Other members of the far-right, such as self-proclaimed “theocratic-fascist” Matt Walsh and commentators Candace Owens and Jordan Peterson, have been capitalising on their new-found popularity amongst the Muslim community.

Besides Burgess, several prominent Islamophobic politicians in Europe have gone on to convert to Islam, such as far-right Dutch politician Geert Wilders’ former right-hand man Joram van Klaveren, who converted in 2012 after studying the Quran for an anti-Islam book he intended to publish.
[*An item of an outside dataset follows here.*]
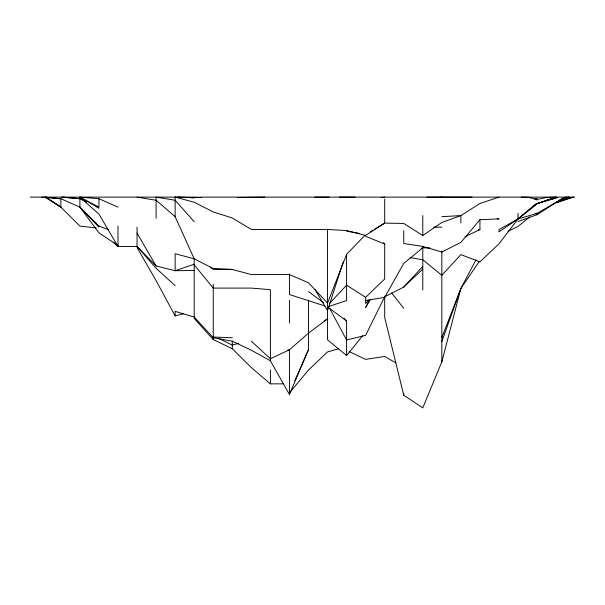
<?xml version="1.0" encoding="UTF-8"?>
<svg xmlns="http://www.w3.org/2000/svg" width="605" height="605" viewBox="0 0 605 605"><rect width="100%" height="100%" fill="white"/><g stroke="black" fill="none" stroke-linecap="round" stroke-linejoin="round"><path stroke-width="0.91" d="M384.689 296.2L384.689 317.398L403.739 395.216L422.789 407.883L441.839 361.843L460.889 288.426L476.044 259.704M343.126 262.124L327.539 310.645L315.16 289.613M441.839 341.47L460.889 288.426L479.41 261.269M441.839 337.567L460.889 288.426M194.197 264.854L213.247 288.109L251.347 288.109L270.397 289.666L270.397 360.784L289.447 394.52L308.497 349.614L308.497 299.974M294.779 380.726L295.921 378.133M296.684 376.408L298.968 371.22M299.732 369.496L308.497 349.614M369.027 300.7L365.639 307.438L370.404 299.543M327.539 229.113L327.539 339.806L346.589 355.521L362.667 335.745M290.037 392.116L308.497 370.026L327.539 351.928L338.429 348.782M497.174 218.723L498.989 218.912L479.939 219.675L460.889 242.416L441.839 252.02L422.789 246.432L403.739 243.528L403.739 230.747M368.717 300.088L365.639 303.612L365.639 297.357L384.689 278.996L384.689 244.042L383.464 242.62M329.755 308.55L346.589 340.002L365.639 335.321L384.689 296.76L403.739 287.08L422.789 266.404M329.445 303.498L346.589 285.189L365.639 297.357M365.004 235.247L346.589 254.38L327.539 303.128L308.497 282.777L289.447 274.564L251.347 274.564L232.297 269.49L213.247 268.522L194.197 258.811L175.147 253.692L175.147 270.715L194.197 270.427M403.739 287.08L422.789 269.081M523.68 214.147L518.039 218.957L498.989 231.844L498.989 229.552L518.039 218.957L537.089 203.628L556.139 197.117L557.243 197.532M525.095 212.945L526.501 211.742M527.915 210.54L535.675 203.93M430.049 247.982L422.789 247.808L403.739 263.409L384.689 297.357L365.639 300.496M529.761 216.87L518.039 226.421L508.102 231.307M521.26 197.117L527.817 197.245L537.089 199.408L546.837 197.457L556.139 197.117L537.089 203.628L518.039 218.912L498.989 243.792L479.939 261.882L460.889 254.614L441.839 275.283L422.789 259.757L410.092 257.594M518.039 221.543L537.089 214.684L559.822 200.142L564.435 197.873L567.082 197.238L574.75 197.117M374.374 229.333L384.689 223.116L403.739 223.449L422.789 235.534L441.839 222.466L460.889 215.577L479.939 203.492L498.989 197.117M518.039 213.3L518.039 218.957L537.089 213.368L562.537 198.584L565.032 197.275L566.605 197.117M324.371 320.824L327.539 318.888L308.497 333.151L289.447 349.781L270.397 358.742L251.347 341.197M559.118 200.588L562.068 198.871M370.404 231.715L372.786 230.286M573.653 197.117L556.139 202.728L564.435 197.873M572.209 197.117L556.139 202.728L559.383 201.147M465.033 236.729L479.939 229.56L479.939 219.645M421.133 248.564L422.789 247.808M556.139 202.728L569.04 197.117M534.487 199.37L537.089 198.432L537.089 200.149M194.197 264.226L175.147 270.715L156.098 265.966L137.048 246.432L137.048 227.208M328.409 306.584L346.589 300.594L346.589 254.16M537.089 203.628L556.139 198.016L545.249 200.709M238.642 343.292L232.297 345.137L219.04 338.49M137.048 247.521L156.098 280.637L175.147 315.893L183.307 313.776M478.124 229.938L479.939 229.56M287.632 350.151L289.447 349.781L289.447 394.52M563.293 197.941L569.464 197.117M381.067 197.585L384.689 197.117M438.209 197.585L441.839 197.117M441.839 216.688L460.889 215.577L460.889 222.882M535.274 213.452L537.089 213.368L537.089 214.684M329.128 197.117L314.698 197.117M237.531 197.51L264.831 197.117M355.029 197.124L339.443 197.117M433.679 227.215L441.839 227.125M471.991 197.117L426.812 197.117M30.25 197.117L194.197 197.117L201.374 197.563M568.284 197.117L201.805 197.117L192.67 197.608L178.46 197.117M535.274 213.368L537.089 213.368M232.297 269.346L213.247 269.346L210.2 267.244M194.197 318.404L213.247 339.549L232.297 348.745L251.347 367.598L270.397 383.85L283.095 383.85M213.247 337.061L232.297 337.726M194.197 258.811L175.147 216.643L175.147 197.117L185.122 197.548M190.567 197.782L194.197 197.941M117.998 207.114L98.948 198.727L79.898 197.117L98.948 214.14L117.998 246.432L137.048 246.432L156.098 268.272L175.147 285.689M41.798 197.117L60.848 198.727L79.898 207.114L98.948 226.081L108.477 229.59M61.627 197.117L79.898 198.727L86.523 202.032M62.95 197.117L79.898 198.727L79.898 207.114L98.948 232.827L117.998 245.63M96.225 227.956L79.898 226.081L60.848 207.114L51.115 200.618M137.048 197.117L156.098 200.255L175.147 216.643M346.589 231.095L359.294 233.424M175.147 197.117L194.197 202.236L213.247 211.947L232.297 217.989L251.347 229.454L327.539 229.454L346.589 230.565L365.639 235.405L384.689 223.116L384.689 199.196M270.397 360.784L251.347 350.234L232.297 341.197L213.247 337.726L194.197 317.065L175.147 311.356L175.147 315.893M324.945 306.001L289.447 294.529L289.447 273.906M365.639 236.298L384.689 244.042M349.077 351.55L365.639 359.378L384.689 356.443L395.806 362.871M98.948 208.241L79.898 197.117L98.948 207.114L98.948 198.727M60.848 207.114L44.921 197.117L60.848 198.727L60.848 207.114L45.753 197.117M45.874 197.117L49.618 199.612M308.497 291.64L323.736 302.75M328.273 307.416L346.589 321.005L346.589 355.521M113.233 242.023L117.998 246.606L117.998 226.081M79.898 207.114L98.948 227.162M344.056 318.283L346.589 321.005M194.197 221.763L175.147 200.255L156.098 197.117L156.098 218.254M391.617 292.971L403.739 308.278M137.048 233.107L156.098 265.966M441.839 251.06L441.839 361.843M422.789 215.577L422.789 235.534M422.789 246.28L422.789 290.075M403.739 393.363L403.739 395.216M289.447 300.473L289.447 322.987M270.397 370.026L270.397 383.85M232.297 341.038L232.297 348.745M213.247 284.221L213.247 339.549M194.197 258.88L194.197 317.065"/></g></svg>

Arthur Wagner, a leading party official for the far-right German party Alternative for Germany converted to Islam in the same year, even as his party claims “Islam does not belong in Germany”. In France, Maxene Buttey, a local councillor for the far-right party Front National, converted to Islam before being suspended from the party. 

These examples represent a trend amongst the far-right to diversify by embracing conservative sentiment in migrant communities. With the global culture war now squarely focused on issues of gender roles, sexuality and the trans community, popular misogynistic far-right figures are latching onto Islam as the strongest ideological framework to fight their battles against the modern world.